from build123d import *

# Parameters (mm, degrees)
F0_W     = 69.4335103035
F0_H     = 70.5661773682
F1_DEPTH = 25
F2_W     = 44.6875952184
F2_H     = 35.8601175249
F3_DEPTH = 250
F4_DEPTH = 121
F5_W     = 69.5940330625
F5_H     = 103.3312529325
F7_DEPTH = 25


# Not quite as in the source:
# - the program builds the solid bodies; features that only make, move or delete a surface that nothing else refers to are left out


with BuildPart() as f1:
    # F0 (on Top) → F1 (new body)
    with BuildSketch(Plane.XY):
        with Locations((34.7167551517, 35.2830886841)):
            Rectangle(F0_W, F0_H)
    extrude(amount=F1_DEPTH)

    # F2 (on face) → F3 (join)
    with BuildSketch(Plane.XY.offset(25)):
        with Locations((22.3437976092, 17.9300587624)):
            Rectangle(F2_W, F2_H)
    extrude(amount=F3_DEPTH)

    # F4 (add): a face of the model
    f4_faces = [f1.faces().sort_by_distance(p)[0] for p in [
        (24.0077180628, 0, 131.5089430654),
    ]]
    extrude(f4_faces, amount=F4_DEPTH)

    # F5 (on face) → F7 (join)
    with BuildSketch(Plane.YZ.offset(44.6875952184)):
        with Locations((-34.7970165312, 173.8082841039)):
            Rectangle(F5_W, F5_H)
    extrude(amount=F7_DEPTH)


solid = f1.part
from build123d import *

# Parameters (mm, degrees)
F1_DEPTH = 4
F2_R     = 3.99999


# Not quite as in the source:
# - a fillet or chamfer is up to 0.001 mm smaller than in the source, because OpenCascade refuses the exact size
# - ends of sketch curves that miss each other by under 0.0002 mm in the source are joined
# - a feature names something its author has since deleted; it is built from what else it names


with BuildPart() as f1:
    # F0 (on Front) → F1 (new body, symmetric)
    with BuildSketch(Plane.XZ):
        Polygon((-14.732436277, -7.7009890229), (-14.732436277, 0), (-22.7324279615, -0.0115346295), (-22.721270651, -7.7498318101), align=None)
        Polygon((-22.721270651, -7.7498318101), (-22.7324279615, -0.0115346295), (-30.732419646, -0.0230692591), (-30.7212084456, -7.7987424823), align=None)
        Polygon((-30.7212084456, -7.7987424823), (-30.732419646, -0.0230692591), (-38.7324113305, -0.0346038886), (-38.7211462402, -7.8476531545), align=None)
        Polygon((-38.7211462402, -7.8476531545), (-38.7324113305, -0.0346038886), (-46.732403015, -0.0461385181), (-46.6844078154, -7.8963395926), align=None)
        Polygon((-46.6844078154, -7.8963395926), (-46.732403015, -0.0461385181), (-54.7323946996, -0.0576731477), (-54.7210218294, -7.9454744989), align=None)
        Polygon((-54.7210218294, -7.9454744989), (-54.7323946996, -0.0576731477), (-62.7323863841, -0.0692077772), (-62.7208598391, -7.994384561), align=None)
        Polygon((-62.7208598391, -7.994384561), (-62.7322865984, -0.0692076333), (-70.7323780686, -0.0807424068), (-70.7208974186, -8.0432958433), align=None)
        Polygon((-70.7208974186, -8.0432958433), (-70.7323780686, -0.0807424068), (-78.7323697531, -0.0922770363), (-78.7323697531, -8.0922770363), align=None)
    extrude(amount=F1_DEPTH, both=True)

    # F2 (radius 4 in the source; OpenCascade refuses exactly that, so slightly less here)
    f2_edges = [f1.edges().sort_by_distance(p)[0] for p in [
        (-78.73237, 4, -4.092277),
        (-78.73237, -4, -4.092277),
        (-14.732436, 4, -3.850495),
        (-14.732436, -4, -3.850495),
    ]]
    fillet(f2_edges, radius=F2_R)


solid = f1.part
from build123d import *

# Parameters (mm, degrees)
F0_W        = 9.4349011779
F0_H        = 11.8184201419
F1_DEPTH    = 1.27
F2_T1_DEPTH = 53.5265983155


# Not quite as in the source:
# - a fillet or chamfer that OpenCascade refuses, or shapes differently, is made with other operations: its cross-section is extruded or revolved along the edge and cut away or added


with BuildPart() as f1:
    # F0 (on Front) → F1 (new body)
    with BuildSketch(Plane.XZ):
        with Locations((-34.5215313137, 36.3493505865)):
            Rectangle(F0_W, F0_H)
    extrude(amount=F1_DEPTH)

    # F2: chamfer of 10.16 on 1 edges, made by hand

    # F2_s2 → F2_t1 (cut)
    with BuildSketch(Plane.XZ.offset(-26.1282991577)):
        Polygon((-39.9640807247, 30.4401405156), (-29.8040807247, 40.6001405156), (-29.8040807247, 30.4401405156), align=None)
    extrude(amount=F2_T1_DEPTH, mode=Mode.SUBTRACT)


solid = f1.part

+===+

- **TASK STATEMENT**
As you read the records above, find each line that contains "other" and copy it.

- **PROBLEM SOLUTION**
# - ends of sketch curves that miss each other by under 0.0002 mm in the source are joined
# - a fillet or chamfer that OpenCascade refuses, or shapes differently, is made with other operations: its cross-section is extruded or revolved along the edge and cut away or added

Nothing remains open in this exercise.